## TASK PROMPT
A faithful copy is required: retype the records from their first line through the line with "8427.195, -4.663), dxfattribs=at)", and omit the pictures.

## RECORD EXCERPTS
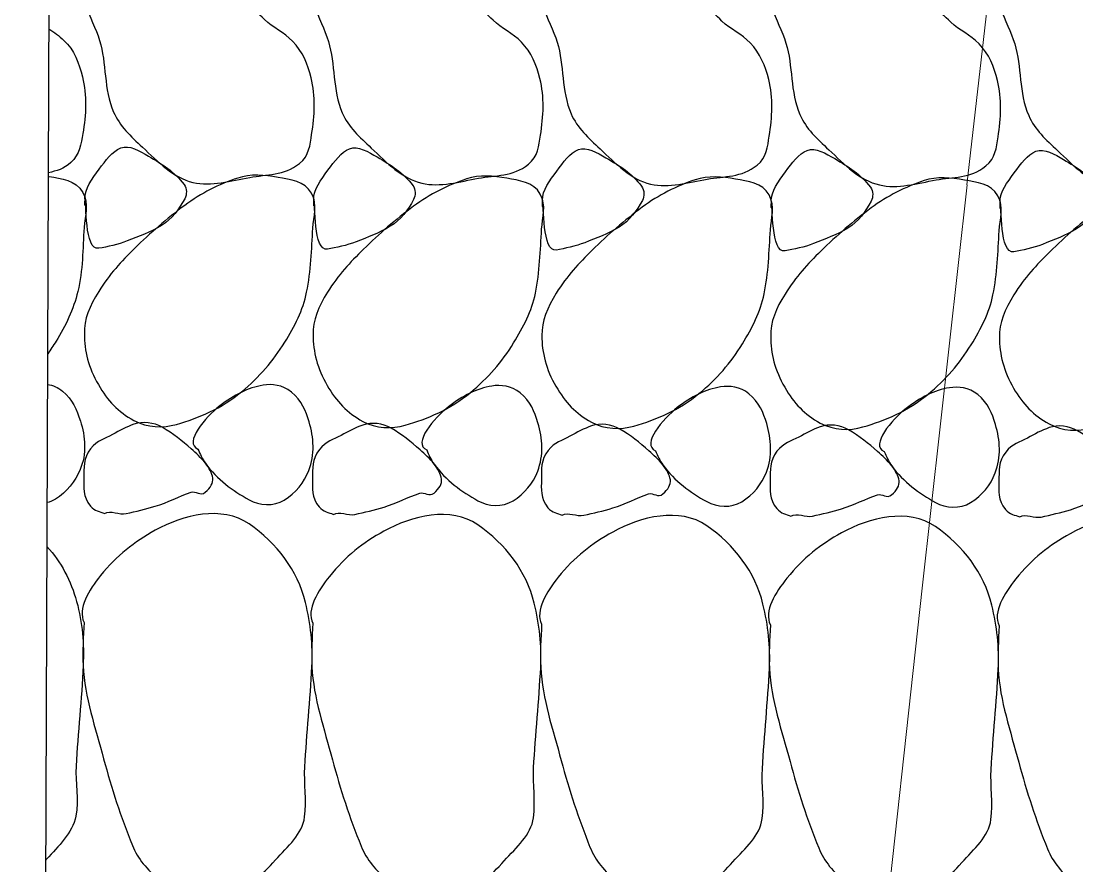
# Model space of a CAD drawing. Header units: feet. Extents: x -406 to 2003, y 7035 to 10885.
# Drawn here: x 632.75 to 648.81, y 8389.91 to 8402.77 of the extents above; entities that cross this region are included whole.
import ezdxf

# ---------------------------------------------------------------- set-up
doc = ezdxf.new("R2010")
doc.units = ezdxf.units.FT
doc.header["$LTSCALE"] = 40
doc.header["$MEASUREMENT"] = 0
doc.layers.add('1', color=7, linetype='Continuous')
doc.layers.add('1 PROPOSED CONTOURS', color=35, linetype='Continuous', lineweight=0)

msp = doc.modelspace()

# ---------------------------------------------------------------- linework, layer by layer
at = {"layer": '1', "color": 4, "linetype": 'Continuous'}
msp.add_line((632.749, 8290.171, -4.663), (633.264, 8427.195, -4.663), dxfattribs=at)
for points, knots in [([(633.733, 8403.777, -4.663), (633.72, 8403.994, -4.663), (633.831, 8404.216, -4.663), (633.951, 8404.434, -4.663), (634.072, 8404.653, -4.663), (634.181, 8404.904, -4.663), (634.384, 8404.977, -4.663), (634.485, 8405.013, -4.663), (634.608, 8404.926, -4.663), (634.713, 8404.874, -4.663), (634.853, 8404.802, -4.663), (634.998, 8404.752, -4.663), (635.109, 8404.634, -4.663), (635.307, 8404.422, -4.663), (635.303, 8404.105, -4.663), (635.469, 8403.884, -4.663), (635.608, 8403.698, -4.663), (635.75, 8403.511, -4.663), (635.909, 8403.338, -4.663), (636.083, 8403.148, -4.663), (636.266, 8402.969, -4.663), (636.451, 8402.792, -4.663), (636.581, 8402.667, -4.663), (636.748, 8402.596, -4.663), (636.881, 8402.461, -4.663), (637.034, 8402.306, -4.663), (637.111, 8402.108, -4.663), (637.162, 8401.905, -4.663), (637.233, 8401.624, -4.663), (637.216, 8401.327, -4.663), (637.17, 8401.043, -4.663), (637.145, 8400.885, -4.663), (637.134, 8400.718, -4.663), (636.987, 8400.601, -4.663), (636.745, 8400.409, -4.663), (636.487, 8400.436, -4.663), (636.227, 8400.388, -4.663), (635.941, 8400.337, -4.663), (635.644, 8400.247, -4.663), (635.364, 8400.312, -4.663), (635.062, 8400.383, -4.663), (634.835, 8400.622, -4.663), (634.595, 8400.848, -4.663), (634.418, 8401.015, -4.663), (634.249, 8401.166, -4.663), (634.155, 8401.383, -4.663), (634.005, 8401.73, -4.663), (634.049, 8402.123, -4.663), (633.944, 8402.472, -4.663), (633.888, 8402.656, -4.663), (633.787, 8402.834, -4.663), (633.73, 8403.017, -4.663), (633.656, 8403.256, -4.663), (633.794, 8403.538, -4.663), (633.733, 8403.777, -4.663)], [0, 0, 0, 0, 0.054316, 0.054316, 0.054316, 0.108799, 0.108799, 0.108799, 0.135821, 0.135821, 0.135821, 0.172146, 0.172146, 0.172146, 0.237422, 0.237422, 0.237422, 0.292461, 0.292461, 0.292461, 0.352873, 0.352873, 0.352873, 0.395413, 0.395413, 0.395413, 0.444368, 0.444368, 0.444368, 0.51201, 0.51201, 0.51201, 0.549525, 0.549525, 0.549525, 0.611502, 0.611502, 0.611502, 0.679424, 0.679424, 0.679424, 0.752988, 0.752988, 0.752988, 0.80734, 0.80734, 0.80734, 0.894432, 0.894432, 0.894432, 0.940374, 0.940374, 0.940374, 1, 1, 1, 1]), ([(637.215, 8403.764, -4.663), (637.201, 8403.981, -4.663), (637.312, 8404.203, -4.663), (637.433, 8404.421, -4.663), (637.553, 8404.64, -4.663), (637.663, 8404.891, -4.663), (637.865, 8404.964, -4.663), (637.966, 8405, -4.663), (638.089, 8404.913, -4.663), (638.194, 8404.86, -4.663), (638.334, 8404.789, -4.663), (638.48, 8404.739, -4.663), (638.59, 8404.621, -4.663), (638.788, 8404.409, -4.663), (638.784, 8404.092, -4.663), (638.95, 8403.871, -4.663), (639.09, 8403.685, -4.663), (639.231, 8403.498, -4.663), (639.39, 8403.325, -4.663), (639.565, 8403.135, -4.663), (639.748, 8402.956, -4.663), (639.932, 8402.779, -4.663), (640.063, 8402.654, -4.663), (640.229, 8402.583, -4.663), (640.362, 8402.448, -4.663), (640.515, 8402.293, -4.663), (640.592, 8402.095, -4.663), (640.644, 8401.891, -4.663), (640.714, 8401.61, -4.663), (640.698, 8401.314, -4.663), (640.652, 8401.03, -4.663), (640.626, 8400.872, -4.663), (640.615, 8400.704, -4.663), (640.469, 8400.588, -4.663), (640.227, 8400.396, -4.663), (639.968, 8400.423, -4.663), (639.708, 8400.375, -4.663), (639.423, 8400.324, -4.663), (639.125, 8400.234, -4.663), (638.846, 8400.299, -4.663), (638.543, 8400.37, -4.663), (638.317, 8400.609, -4.663), (638.077, 8400.835, -4.663), (637.899, 8401.002, -4.663), (637.73, 8401.153, -4.663), (637.636, 8401.37, -4.663), (637.486, 8401.717, -4.663), (637.531, 8402.11, -4.663), (637.425, 8402.459, -4.663), (637.369, 8402.643, -4.663), (637.269, 8402.821, -4.663), (637.212, 8403.004, -4.663), (637.138, 8403.243, -4.663), (637.275, 8403.525, -4.663), (637.215, 8403.764, -4.663)], [0, 0, 0, 0, 0.054316, 0.054316, 0.054316, 0.108799, 0.108799, 0.108799, 0.135821, 0.135821, 0.135821, 0.172146, 0.172146, 0.172146, 0.237422, 0.237422, 0.237422, 0.292461, 0.292461, 0.292461, 0.352873, 0.352873, 0.352873, 0.395413, 0.395413, 0.395413, 0.444368, 0.444368, 0.444368, 0.51201, 0.51201, 0.51201, 0.549525, 0.549525, 0.549525, 0.611502, 0.611502, 0.611502, 0.679424, 0.679424, 0.679424, 0.752988, 0.752988, 0.752988, 0.80734, 0.80734, 0.80734, 0.894432, 0.894432, 0.894432, 0.940374, 0.940374, 0.940374, 1, 1, 1, 1]), ([(640.696, 8403.751, -4.663), (640.682, 8403.968, -4.663), (640.793, 8404.19, -4.663), (640.914, 8404.408, -4.663), (641.035, 8404.627, -4.663), (641.144, 8404.878, -4.663), (641.347, 8404.951, -4.663), (641.447, 8404.987, -4.663), (641.571, 8404.9, -4.663), (641.675, 8404.847, -4.663), (641.816, 8404.776, -4.663), (641.961, 8404.725, -4.663), (642.071, 8404.608, -4.663), (642.269, 8404.396, -4.663), (642.266, 8404.079, -4.663), (642.431, 8403.858, -4.663), (642.571, 8403.672, -4.663), (642.712, 8403.485, -4.663), (642.872, 8403.312, -4.663), (643.046, 8403.122, -4.663), (643.229, 8402.943, -4.663), (643.414, 8402.766, -4.663), (643.544, 8402.641, -4.663), (643.711, 8402.57, -4.663), (643.844, 8402.435, -4.663), (643.996, 8402.28, -4.663), (644.074, 8402.082, -4.663), (644.125, 8401.878, -4.663), (644.196, 8401.597, -4.663), (644.179, 8401.301, -4.663), (644.133, 8401.016, -4.663), (644.108, 8400.859, -4.663), (644.096, 8400.691, -4.663), (643.95, 8400.575, -4.663), (643.708, 8400.382, -4.663), (643.45, 8400.409, -4.663), (643.189, 8400.362, -4.663), (642.904, 8400.311, -4.663), (642.607, 8400.221, -4.663), (642.327, 8400.286, -4.663), (642.025, 8400.356, -4.663), (641.798, 8400.596, -4.663), (641.558, 8400.822, -4.663), (641.381, 8400.989, -4.663), (641.212, 8401.14, -4.663), (641.118, 8401.357, -4.663), (640.967, 8401.704, -4.663), (641.012, 8402.097, -4.663), (640.906, 8402.446, -4.663), (640.851, 8402.63, -4.663), (640.75, 8402.808, -4.663), (640.693, 8402.991, -4.663), (640.619, 8403.23, -4.663), (640.756, 8403.512, -4.663), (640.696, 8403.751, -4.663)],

## RESPONSE TO THE TASK
# Model space of a CAD drawing. Header units: feet. Extents: x -406 to 2003, y 7035 to 10885.
# Drawn here: x 632.75 to 648.81, y 8389.91 to 8402.77 of the extents above; entities that cross this region are included whole.
import ezdxf

# ---------------------------------------------------------------- set-up
doc = ezdxf.new("R2010")
doc.units = ezdxf.units.FT
doc.header["$LTSCALE"] = 40
doc.header["$MEASUREMENT"] = 0
doc.layers.add('1', color=7, linetype='Continuous')
doc.layers.add('1 PROPOSED CONTOURS', color=35, linetype='Continuous', lineweight=0)

msp = doc.modelspace()

# ---------------------------------------------------------------- linework, layer by layer
at = {"layer": '1', "color": 4, "linetype": 'Continuous'}
msp.add_line((632.749, 8290.171, -4.663), (633.264, 8427.195, -4.663), dxfattribs=at)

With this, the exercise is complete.